### YOUR TASK
Your answer must hold only the lines below from the line containing "#18=AXIS2_PLACEMENT_3D('',#15,#16,#17);" through the line containing "#52=VERTEX_POINT('',#51);", each reproduced exactly.

### Records from a collection

====================

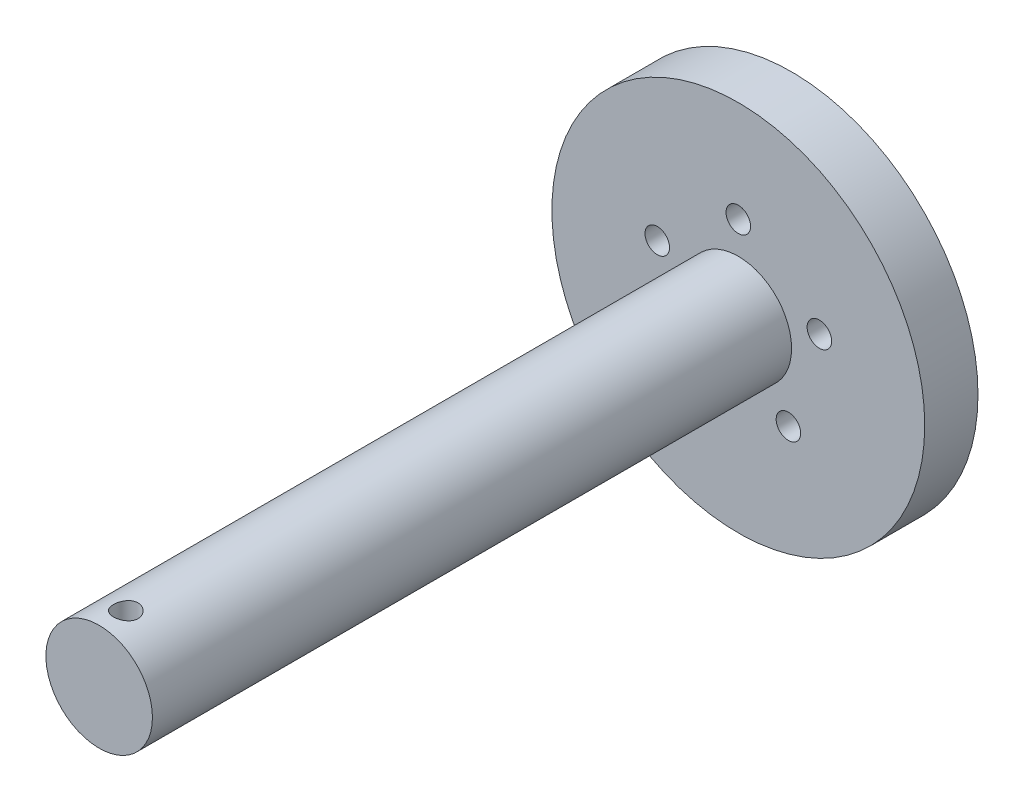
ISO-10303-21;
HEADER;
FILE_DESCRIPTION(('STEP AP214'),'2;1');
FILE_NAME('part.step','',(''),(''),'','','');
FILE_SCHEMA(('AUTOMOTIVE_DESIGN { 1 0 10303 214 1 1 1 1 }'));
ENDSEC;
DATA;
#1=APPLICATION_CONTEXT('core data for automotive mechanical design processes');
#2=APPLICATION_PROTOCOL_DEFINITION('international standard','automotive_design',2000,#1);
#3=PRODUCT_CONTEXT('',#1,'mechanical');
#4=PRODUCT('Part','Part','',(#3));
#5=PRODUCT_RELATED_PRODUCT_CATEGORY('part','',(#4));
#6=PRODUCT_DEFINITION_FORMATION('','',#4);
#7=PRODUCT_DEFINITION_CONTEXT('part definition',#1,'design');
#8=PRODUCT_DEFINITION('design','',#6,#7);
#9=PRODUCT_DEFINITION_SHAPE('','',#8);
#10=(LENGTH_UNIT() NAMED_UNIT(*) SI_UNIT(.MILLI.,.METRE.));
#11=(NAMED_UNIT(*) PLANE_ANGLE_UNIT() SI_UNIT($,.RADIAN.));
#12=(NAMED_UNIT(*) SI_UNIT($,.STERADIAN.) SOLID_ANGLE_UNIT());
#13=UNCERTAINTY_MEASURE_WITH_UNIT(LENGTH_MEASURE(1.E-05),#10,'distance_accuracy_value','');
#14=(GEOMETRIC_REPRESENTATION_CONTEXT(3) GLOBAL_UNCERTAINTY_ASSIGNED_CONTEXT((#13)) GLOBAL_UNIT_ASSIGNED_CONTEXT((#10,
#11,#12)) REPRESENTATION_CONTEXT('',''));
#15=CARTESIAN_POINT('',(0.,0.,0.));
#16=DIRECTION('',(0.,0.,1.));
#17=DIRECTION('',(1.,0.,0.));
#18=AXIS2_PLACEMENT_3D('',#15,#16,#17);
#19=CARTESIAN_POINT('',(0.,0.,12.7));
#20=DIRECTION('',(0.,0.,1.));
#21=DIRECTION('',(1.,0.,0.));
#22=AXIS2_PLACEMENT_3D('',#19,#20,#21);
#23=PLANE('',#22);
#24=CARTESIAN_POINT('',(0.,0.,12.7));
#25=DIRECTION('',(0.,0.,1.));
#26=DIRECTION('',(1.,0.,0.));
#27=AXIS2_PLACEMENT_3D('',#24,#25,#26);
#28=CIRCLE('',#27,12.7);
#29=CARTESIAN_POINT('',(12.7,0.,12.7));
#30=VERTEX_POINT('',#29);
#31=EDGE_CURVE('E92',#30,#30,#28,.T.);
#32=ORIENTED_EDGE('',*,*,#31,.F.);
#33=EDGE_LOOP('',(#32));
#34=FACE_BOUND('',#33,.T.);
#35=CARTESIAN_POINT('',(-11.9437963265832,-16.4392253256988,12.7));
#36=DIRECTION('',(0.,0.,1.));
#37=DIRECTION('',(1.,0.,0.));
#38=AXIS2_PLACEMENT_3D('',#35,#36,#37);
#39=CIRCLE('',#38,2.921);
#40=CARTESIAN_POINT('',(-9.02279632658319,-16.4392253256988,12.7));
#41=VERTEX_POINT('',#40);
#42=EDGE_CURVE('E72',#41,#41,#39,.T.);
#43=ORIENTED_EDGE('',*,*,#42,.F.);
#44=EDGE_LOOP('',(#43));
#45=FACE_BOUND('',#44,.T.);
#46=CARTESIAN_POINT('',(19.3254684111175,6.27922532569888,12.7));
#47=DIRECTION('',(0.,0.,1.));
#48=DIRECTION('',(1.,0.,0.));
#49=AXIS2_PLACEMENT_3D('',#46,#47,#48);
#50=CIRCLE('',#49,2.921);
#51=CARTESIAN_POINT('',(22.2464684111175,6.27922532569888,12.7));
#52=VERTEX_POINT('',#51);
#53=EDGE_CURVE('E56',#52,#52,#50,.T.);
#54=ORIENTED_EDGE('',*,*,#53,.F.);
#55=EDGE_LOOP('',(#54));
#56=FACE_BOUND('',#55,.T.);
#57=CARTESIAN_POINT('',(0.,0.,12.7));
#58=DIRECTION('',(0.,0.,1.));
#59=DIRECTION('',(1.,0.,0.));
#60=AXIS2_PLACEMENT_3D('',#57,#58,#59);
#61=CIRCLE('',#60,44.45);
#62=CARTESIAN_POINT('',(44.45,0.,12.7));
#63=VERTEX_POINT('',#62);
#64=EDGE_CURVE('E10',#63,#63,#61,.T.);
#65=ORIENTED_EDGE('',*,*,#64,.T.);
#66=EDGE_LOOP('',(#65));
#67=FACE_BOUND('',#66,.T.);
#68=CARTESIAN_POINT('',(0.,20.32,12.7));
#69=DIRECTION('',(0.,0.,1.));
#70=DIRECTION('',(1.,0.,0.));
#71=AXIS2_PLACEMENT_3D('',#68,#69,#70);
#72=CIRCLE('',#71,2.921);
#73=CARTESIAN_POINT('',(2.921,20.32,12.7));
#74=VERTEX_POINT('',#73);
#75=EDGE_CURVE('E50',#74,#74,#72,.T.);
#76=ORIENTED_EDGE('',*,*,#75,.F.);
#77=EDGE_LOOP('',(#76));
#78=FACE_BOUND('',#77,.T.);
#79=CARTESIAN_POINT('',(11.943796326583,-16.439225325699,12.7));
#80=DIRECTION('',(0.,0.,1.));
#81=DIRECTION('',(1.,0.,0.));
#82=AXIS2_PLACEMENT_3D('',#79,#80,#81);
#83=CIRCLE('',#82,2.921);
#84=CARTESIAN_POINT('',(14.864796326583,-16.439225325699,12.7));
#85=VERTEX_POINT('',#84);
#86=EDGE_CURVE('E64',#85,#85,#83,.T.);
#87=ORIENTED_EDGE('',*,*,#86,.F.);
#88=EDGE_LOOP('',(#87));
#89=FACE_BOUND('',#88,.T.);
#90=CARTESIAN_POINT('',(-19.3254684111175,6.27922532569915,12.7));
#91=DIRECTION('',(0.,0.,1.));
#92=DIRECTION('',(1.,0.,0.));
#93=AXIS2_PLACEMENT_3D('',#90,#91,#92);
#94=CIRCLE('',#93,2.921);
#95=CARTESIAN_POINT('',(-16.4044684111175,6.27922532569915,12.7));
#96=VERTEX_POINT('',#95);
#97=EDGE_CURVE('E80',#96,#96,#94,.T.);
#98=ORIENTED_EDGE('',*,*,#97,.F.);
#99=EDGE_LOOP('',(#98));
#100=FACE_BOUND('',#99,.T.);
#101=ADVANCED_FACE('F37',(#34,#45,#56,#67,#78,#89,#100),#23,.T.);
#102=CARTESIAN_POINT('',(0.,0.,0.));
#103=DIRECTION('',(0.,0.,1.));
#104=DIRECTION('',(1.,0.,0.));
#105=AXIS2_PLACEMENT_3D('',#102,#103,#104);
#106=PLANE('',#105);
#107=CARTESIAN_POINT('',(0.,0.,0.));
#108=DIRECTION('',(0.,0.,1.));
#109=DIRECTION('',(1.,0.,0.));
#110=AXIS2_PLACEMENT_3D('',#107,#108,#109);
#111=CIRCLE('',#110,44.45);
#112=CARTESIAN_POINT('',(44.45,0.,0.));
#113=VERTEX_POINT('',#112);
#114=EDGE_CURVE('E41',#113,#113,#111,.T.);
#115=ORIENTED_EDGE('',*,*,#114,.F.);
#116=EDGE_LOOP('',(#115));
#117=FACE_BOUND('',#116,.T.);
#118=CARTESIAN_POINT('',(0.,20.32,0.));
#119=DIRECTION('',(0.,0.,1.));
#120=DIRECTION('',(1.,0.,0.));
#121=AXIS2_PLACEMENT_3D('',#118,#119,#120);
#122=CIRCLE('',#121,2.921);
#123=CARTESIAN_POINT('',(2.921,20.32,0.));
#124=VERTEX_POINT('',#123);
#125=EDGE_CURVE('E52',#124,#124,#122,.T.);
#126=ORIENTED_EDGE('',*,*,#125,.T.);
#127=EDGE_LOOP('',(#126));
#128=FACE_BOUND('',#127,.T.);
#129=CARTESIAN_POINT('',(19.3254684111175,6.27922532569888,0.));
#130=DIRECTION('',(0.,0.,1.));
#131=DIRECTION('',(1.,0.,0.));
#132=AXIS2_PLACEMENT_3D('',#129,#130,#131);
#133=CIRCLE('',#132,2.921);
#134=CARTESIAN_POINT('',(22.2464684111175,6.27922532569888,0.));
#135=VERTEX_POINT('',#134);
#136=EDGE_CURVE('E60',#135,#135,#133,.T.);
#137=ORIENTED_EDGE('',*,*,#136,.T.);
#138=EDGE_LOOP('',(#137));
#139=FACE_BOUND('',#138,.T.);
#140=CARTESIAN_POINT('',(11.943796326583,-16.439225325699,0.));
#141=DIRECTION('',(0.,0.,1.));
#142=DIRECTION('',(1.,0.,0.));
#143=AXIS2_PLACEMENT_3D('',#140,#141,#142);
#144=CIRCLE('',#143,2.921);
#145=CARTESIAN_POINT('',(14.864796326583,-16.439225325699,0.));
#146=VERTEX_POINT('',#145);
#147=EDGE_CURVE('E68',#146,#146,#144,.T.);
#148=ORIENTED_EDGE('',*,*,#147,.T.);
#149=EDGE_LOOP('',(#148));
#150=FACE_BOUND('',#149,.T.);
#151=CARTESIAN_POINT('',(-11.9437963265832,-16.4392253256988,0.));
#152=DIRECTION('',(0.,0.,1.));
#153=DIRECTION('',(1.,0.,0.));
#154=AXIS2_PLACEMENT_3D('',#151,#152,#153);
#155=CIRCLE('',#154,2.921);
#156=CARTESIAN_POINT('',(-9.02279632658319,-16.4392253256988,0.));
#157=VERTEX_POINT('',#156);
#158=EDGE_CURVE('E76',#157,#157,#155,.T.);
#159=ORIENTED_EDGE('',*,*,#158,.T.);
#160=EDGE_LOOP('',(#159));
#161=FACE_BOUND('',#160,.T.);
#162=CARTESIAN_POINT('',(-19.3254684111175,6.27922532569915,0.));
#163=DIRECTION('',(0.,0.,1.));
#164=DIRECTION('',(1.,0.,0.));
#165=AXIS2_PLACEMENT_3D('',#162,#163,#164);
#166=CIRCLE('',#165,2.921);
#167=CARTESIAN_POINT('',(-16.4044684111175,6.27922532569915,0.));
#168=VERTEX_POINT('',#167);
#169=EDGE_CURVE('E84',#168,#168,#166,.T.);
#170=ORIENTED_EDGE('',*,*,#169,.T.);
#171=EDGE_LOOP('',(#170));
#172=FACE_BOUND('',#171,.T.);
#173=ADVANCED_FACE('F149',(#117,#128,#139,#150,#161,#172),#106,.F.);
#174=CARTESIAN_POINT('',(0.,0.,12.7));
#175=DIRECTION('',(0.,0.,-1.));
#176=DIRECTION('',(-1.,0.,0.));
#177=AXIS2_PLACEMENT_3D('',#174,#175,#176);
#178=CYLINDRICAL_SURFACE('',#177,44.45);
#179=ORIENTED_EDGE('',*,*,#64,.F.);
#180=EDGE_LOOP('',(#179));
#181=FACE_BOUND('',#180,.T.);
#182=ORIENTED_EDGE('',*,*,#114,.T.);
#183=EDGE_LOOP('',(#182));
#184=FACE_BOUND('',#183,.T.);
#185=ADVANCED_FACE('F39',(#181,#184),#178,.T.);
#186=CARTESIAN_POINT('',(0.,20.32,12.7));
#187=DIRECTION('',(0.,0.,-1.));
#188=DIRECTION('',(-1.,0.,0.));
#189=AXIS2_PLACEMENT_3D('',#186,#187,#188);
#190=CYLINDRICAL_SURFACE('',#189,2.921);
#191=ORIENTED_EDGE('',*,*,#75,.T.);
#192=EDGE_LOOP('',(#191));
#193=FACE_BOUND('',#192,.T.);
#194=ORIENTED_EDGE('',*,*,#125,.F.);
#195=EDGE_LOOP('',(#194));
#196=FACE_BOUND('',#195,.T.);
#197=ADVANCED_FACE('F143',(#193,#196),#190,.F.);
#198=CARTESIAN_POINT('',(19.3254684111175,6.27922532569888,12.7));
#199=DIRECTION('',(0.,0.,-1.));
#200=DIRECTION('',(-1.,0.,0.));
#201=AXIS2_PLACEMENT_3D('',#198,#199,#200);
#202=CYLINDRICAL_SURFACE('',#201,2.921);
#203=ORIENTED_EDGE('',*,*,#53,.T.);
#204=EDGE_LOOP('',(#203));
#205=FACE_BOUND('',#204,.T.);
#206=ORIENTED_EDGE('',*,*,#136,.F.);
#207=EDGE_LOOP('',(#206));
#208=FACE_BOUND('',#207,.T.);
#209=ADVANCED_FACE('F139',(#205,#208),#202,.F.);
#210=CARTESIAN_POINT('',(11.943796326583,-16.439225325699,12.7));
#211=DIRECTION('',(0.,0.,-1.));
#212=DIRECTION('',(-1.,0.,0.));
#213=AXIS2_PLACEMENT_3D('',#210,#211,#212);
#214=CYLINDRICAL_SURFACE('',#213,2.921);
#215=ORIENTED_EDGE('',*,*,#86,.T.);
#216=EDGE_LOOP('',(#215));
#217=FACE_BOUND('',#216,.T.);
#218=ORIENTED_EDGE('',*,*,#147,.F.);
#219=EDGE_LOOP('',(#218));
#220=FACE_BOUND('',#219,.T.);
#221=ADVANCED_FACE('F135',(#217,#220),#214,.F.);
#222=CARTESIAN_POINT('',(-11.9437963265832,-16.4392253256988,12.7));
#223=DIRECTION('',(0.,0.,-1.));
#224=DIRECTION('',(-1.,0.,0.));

====================

### RESPONSE
#18=AXIS2_PLACEMENT_3D('',#15,#16,#17);
#19=CARTESIAN_POINT('',(0.,0.,12.7));
#20=DIRECTION('',(0.,0.,1.));
#21=DIRECTION('',(1.,0.,0.));
#22=AXIS2_PLACEMENT_3D('',#19,#20,#21);
#23=PLANE('',#22);
#24=CARTESIAN_POINT('',(0.,0.,12.7));
#25=DIRECTION('',(0.,0.,1.));
#26=DIRECTION('',(1.,0.,0.));
#27=AXIS2_PLACEMENT_3D('',#24,#25,#26);
#28=CIRCLE('',#27,12.7);
#29=CARTESIAN_POINT('',(12.7,0.,12.7));
#30=VERTEX_POINT('',#29);
#31=EDGE_CURVE('E92',#30,#30,#28,.T.);
#32=ORIENTED_EDGE('',*,*,#31,.F.);
#33=EDGE_LOOP('',(#32));
#34=FACE_BOUND('',#33,.T.);
#35=CARTESIAN_POINT('',(-11.9437963265832,-16.4392253256988,12.7));
#36=DIRECTION('',(0.,0.,1.));
#37=DIRECTION('',(1.,0.,0.));
#38=AXIS2_PLACEMENT_3D('',#35,#36,#37);
#39=CIRCLE('',#38,2.921);
#40=CARTESIAN_POINT('',(-9.02279632658319,-16.4392253256988,12.7));
#41=VERTEX_POINT('',#40);
#42=EDGE_CURVE('E72',#41,#41,#39,.T.);
#43=ORIENTED_EDGE('',*,*,#42,.F.);
#44=EDGE_LOOP('',(#43));
#45=FACE_BOUND('',#44,.T.);
#46=CARTESIAN_POINT('',(19.3254684111175,6.27922532569888,12.7));
#47=DIRECTION('',(0.,0.,1.));
#48=DIRECTION('',(1.,0.,0.));
#49=AXIS2_PLACEMENT_3D('',#46,#47,#48);
#50=CIRCLE('',#49,2.921);
#51=CARTESIAN_POINT('',(22.2464684111175,6.27922532569888,12.7));
#52=VERTEX_POINT('',#51);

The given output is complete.